For common European language pairs (English to German, French, Spanish), a 14B model like Qwen 2.5 produces translations that are roughly 80-90% as good as Google Translate for general text. The gap widens for rare language pairs, idiomatic expressions, and highly specialized terminology. DeepL remains noticeably better for nuanced, publication-quality translations. However, for internal documentation, error messages, log entries, and technical content, local models are often sufficient — and sometimes better at preserving technical terminology when properly prompted.
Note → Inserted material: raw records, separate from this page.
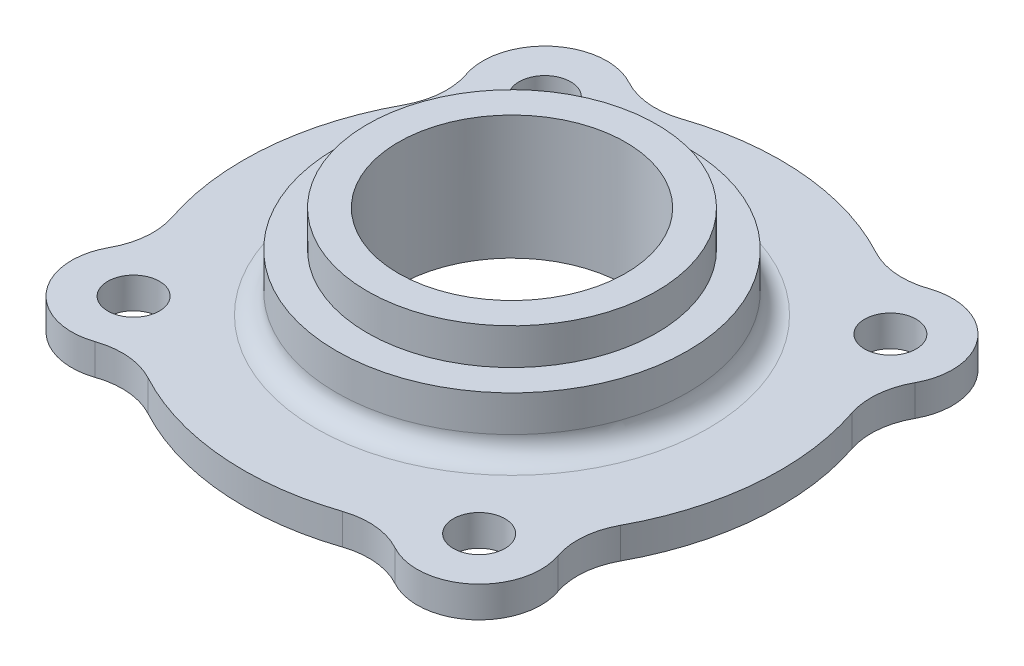
from build123d import *

# Parameters (mm, degrees)
BOSS_EXTRUDE1_DEPTH = 3
SKETCH2_R           = 17
BOSS_EXTRUDE2_DEPTH = 5.5
SKETCH5_R           = 14
BOSS_EXTRUDE3_DEPTH = 3.5
SKETCH6_R           = 11
CUT_EXTRUDE1_DEPTH  = 44.5
SKETCH7_R           = 2.5
CUT_EXTRUDE2_DEPTH  = 44.5
SKETCH8_R           = 2.5
CUT_EXTRUDE3_DEPTH  = 44.5
SKETCH9_R           = 2.5
CUT_EXTRUDE4_DEPTH  = 44.5
SKETCH10_R          = 2.5
CUT_EXTRUDE5_DEPTH  = 44.5
FILLET23_R          = 2


with BuildPart() as part:
    # Sketch1 → Boss-Extrude1 (new body)
    with BuildSketch(Plane(origin=(0, 0, 0), x_dir=(1, 0, 0), z_dir=(0, 1, 0))):
        with BuildLine():
            ThreePointArc((-12.368882592, -22.86942814), (-2.248386141, -25.902601409), (8.243375366, -24.65860423))
            ThreePointArc((8.243375366, -24.65860423), (11.092172188, -24.325815059), (13.835297391, -25.163464204))
            ThreePointArc((13.835297391, -25.163464204), (20.585915101, -24.499389777), (22.403221797, -17.964159812))
            ThreePointArc((22.403221797, -17.964159812), (22.050754674, -15.117730664), (22.86942814, -12.368882592))
            ThreePointArc((22.86942814, -12.368882592), (25.902601409, -2.248386141), (24.65860423, 8.243375366))
            ThreePointArc((24.65860423, 8.243375366), (24.325815059, 11.092172188), (25.163464204, 13.835297391))
            ThreePointArc((25.163464204, 13.835297391), (24.499389777, 20.585915101), (17.964159812, 22.403221797))
            ThreePointArc((17.964159812, 22.403221797), (15.117730664, 22.050754674), (12.368882592, 22.86942814))
            ThreePointArc((12.368882592, 22.86942814), (2.248386141, 25.902601409), (-8.243375366, 24.65860423))
            ThreePointArc((-8.243375366, 24.65860423), (-11.092172188, 24.325815059), (-13.835297391, 25.163464204))
            ThreePointArc((-13.835297391, 25.163464204), (-20.585915101, 24.499389777), (-22.403221797, 17.964159812))
            ThreePointArc((-22.403221797, 17.964159812), (-22.050754674, 15.117730664), (-22.86942814, 12.368882592))
            ThreePointArc((-22.86942814, 12.368882592), (-25.902601409, 2.248386141), (-24.65860423, -8.243375366))
            ThreePointArc((-24.65860423, -8.243375366), (-24.325815059, -11.092172188), (-25.163464204, -13.835297391))
            ThreePointArc((-25.163464204, -13.835297391), (-24.499389777, -20.585915101), (-17.964159812, -22.403221797))
            ThreePointArc((-17.964159812, -22.403221797), (-15.117730664, -22.050754674), (-12.368882592, -22.86942814))
        make_face()
    extrude(amount=-BOSS_EXTRUDE1_DEPTH)

    # Sketch2 → Boss-Extrude2 (add)
    with BuildSketch(Plane(origin=(0, 0, 0), x_dir=(1, 0, 0), z_dir=(0, 1, 0))):
        with Locations(Location((0, 0, 0), (0, 0, 270))):
            Circle(SKETCH2_R)
    extrude(amount=BOSS_EXTRUDE2_DEPTH)

    # Sketch5 → Boss-Extrude3 (add)
    with BuildSketch(Plane(origin=(0, 5.5, 0), x_dir=(1, 0, 0), z_dir=(0, 1, 0))):
        with Locations(Location((0, 0, 0), (0, 0, 270))):
            Circle(SKETCH5_R)
    extrude(amount=BOSS_EXTRUDE3_DEPTH)

    # Sketch6 → Cut-Extrude1 (cut)
    with BuildSketch(Plane(origin=(0, 9, 0), x_dir=(1, 0, 0), z_dir=(0, 1, 0))):
        with Locations(Location((0, 0, 0), (0, 0, 270))):
            Circle(SKETCH6_R)
    extrude(amount=-CUT_EXTRUDE1_DEPTH, mode=Mode.SUBTRACT)

    # Sketch7 → Cut-Extrude2 (cut)
    with BuildSketch(Plane(origin=(0, 0, 0), x_dir=(1, 0, 0), z_dir=(0, 1, 0))):
        with Locations(Location((-16.72605602, 19.905754194, 0), (0, 0, 270))):
            Circle(SKETCH7_R)
    extrude(amount=-CUT_EXTRUDE2_DEPTH, mode=Mode.SUBTRACT)

    # Sketch8 → Cut-Extrude3 (cut)
    with BuildSketch(Plane(origin=(0, 0, 0), x_dir=(1, 0, 0), z_dir=(0, 1, 0))):
        with Locations(Location((16.72605602, -19.905754194, 0), (0, 0, 270))):
            Circle(SKETCH8_R)
    extrude(amount=-CUT_EXTRUDE3_DEPTH, mode=Mode.SUBTRACT)

    # Sketch9 → Cut-Extrude4 (cut)
    with BuildSketch(Plane(origin=(0, 0, 0), x_dir=(1, 0, 0), z_dir=(0, 1, 0))):
        with Locations(Location((-19.905754194, -16.72605602, 0), (0, 0, 270))):
            Circle(SKETCH9_R)
    extrude(amount=-CUT_EXTRUDE4_DEPTH, mode=Mode.SUBTRACT)

    # Sketch10 → Cut-Extrude5 (cut)
    with BuildSketch(Plane(origin=(0, 0, 0), x_dir=(1, 0, 0), z_dir=(0, 1, 0))):
        with Locations(Location((19.905754194, 16.72605602, 0), (0, 0, 270))):
            Circle(SKETCH10_R)
    extrude(amount=-CUT_EXTRUDE5_DEPTH, mode=Mode.SUBTRACT)

    # Fillet23
    fillet23_edges = [part.edges().sort_by_distance(p)[0] for p in [
        (0, 0, -17),
    ]]
    fillet(fillet23_edges, radius=FILLET23_R)


solid = part.part

Can I fine-tune a model to improve translation for my specific domain?
Yes, and this is where self-hosted translation gains a real advantage. Collect parallel text samples from your domain (existing human translations of your documentation, for example), format them as instruction pairs, and fine-tune with tools like Unsloth or Axolotl. Even a few hundred high-quality domain-specific examples can dramatically improve terminology consistency. The fine-tuned model will use your organization's preferred terms and style, which no generic cloud API can match.
What hardware do I need for a translation server handling 100 requests per hour?
A single NVIDIA RTX 4060 Ti (16 GB) running a Qwen 2.5 14B model handles roughly 150-200 translation requests per hour, assuming average document sizes of 200-500 words. That is well within a single consumer GPU's capacity. For 1,000+ requests per hour, move to an RTX 4090 or run two instances with load balancing. CPU-only deployment works for low-volume use (under 20 requests per hour) but response times will be 30-60 seconds per translation versus 3-8 seconds on GPU.